YOUR TASK
Go through the records, and copy each line in which the string "WROOM" is present.

SOURCE INFORMATION
....

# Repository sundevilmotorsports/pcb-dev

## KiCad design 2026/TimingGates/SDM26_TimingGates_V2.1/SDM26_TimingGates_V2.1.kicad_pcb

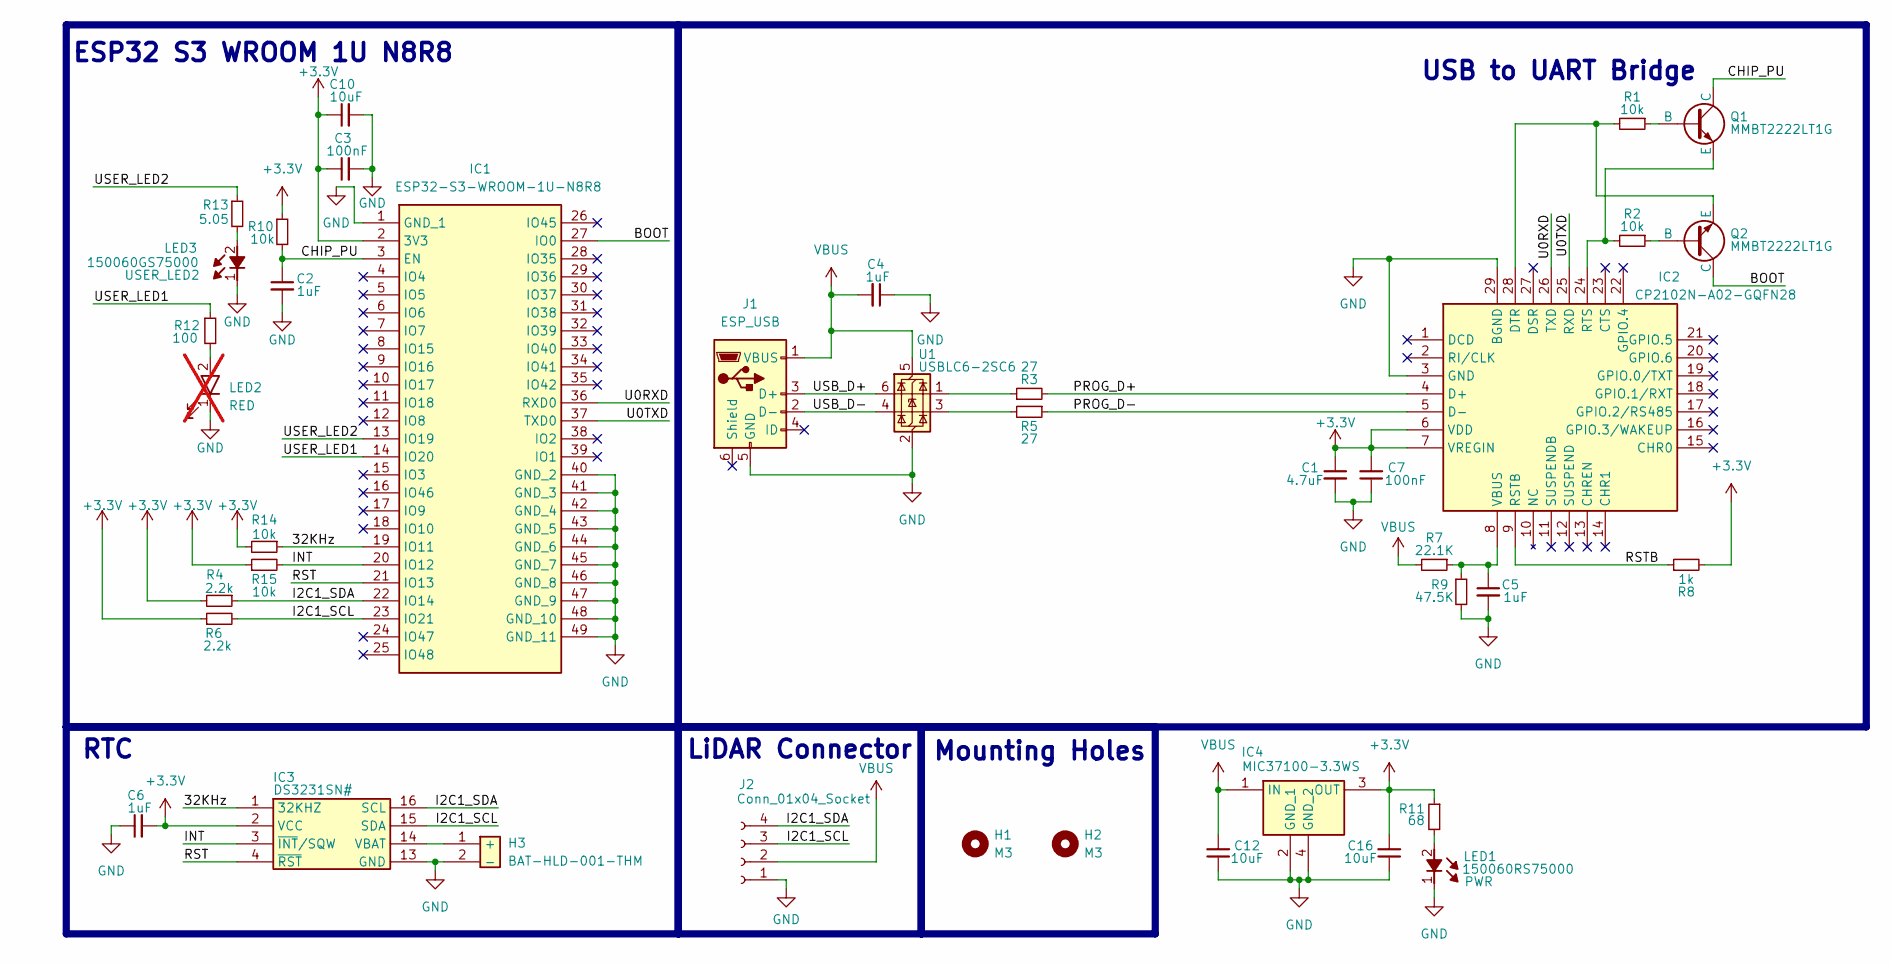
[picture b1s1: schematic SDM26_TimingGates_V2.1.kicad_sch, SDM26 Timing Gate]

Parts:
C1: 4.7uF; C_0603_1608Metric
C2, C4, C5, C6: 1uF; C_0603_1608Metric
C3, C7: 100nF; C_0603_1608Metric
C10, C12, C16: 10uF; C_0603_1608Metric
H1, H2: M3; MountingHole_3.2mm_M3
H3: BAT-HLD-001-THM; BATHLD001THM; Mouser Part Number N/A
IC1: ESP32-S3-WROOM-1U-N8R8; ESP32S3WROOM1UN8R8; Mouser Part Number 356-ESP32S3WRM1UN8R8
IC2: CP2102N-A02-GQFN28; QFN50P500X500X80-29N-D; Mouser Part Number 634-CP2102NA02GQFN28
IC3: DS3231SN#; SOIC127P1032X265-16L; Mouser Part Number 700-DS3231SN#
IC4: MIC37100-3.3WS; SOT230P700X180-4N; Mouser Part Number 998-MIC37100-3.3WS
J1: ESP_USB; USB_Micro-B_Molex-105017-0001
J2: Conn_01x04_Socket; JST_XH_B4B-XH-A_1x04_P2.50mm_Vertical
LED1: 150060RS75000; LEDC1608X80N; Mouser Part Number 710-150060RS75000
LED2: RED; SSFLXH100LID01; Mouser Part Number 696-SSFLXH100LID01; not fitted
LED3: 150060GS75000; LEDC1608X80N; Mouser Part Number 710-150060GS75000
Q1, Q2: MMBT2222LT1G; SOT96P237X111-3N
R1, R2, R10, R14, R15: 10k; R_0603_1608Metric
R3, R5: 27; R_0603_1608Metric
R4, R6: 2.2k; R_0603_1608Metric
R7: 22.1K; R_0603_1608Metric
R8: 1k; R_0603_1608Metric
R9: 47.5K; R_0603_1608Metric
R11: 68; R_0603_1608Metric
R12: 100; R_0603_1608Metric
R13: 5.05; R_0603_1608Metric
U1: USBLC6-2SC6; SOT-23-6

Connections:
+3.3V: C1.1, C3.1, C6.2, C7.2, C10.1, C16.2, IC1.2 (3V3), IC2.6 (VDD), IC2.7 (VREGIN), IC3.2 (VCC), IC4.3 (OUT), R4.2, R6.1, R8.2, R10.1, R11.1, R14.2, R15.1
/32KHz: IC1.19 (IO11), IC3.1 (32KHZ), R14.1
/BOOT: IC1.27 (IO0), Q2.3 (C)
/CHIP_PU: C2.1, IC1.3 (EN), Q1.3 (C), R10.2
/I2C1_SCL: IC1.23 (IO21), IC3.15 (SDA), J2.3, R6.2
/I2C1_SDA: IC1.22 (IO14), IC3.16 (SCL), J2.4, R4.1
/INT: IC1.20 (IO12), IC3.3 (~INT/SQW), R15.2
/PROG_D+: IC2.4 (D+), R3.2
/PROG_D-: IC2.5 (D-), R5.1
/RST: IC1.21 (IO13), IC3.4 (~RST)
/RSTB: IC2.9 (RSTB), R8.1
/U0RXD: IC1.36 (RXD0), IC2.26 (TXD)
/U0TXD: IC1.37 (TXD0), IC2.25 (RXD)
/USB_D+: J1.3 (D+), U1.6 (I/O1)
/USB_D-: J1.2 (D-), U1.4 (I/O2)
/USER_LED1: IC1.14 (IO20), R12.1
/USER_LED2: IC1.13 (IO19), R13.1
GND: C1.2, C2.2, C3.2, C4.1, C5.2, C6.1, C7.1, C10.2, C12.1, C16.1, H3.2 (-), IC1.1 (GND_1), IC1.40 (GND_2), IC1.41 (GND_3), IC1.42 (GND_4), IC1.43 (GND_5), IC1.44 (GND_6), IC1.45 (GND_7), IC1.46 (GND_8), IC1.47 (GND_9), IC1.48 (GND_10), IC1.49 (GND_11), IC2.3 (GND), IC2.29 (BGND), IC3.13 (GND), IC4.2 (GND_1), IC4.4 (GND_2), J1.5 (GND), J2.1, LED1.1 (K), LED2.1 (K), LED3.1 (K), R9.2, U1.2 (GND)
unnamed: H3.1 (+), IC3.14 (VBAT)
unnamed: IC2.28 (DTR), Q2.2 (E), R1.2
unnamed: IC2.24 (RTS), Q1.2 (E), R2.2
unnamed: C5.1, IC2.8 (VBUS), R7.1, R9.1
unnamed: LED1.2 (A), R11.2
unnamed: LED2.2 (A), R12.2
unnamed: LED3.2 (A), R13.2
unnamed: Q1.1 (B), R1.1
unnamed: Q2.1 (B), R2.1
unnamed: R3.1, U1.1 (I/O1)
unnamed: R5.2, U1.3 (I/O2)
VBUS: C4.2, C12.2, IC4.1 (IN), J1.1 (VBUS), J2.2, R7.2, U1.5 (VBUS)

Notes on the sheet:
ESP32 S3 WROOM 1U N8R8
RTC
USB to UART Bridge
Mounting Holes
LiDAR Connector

....

SOLUTION BELOW
IC1: ESP32-S3-WROOM-1U-N8R8; ESP32S3WROOM1UN8R8; Mouser Part Number 356-ESP32S3WRM1UN8R8
ESP32 S3 WROOM 1U N8R8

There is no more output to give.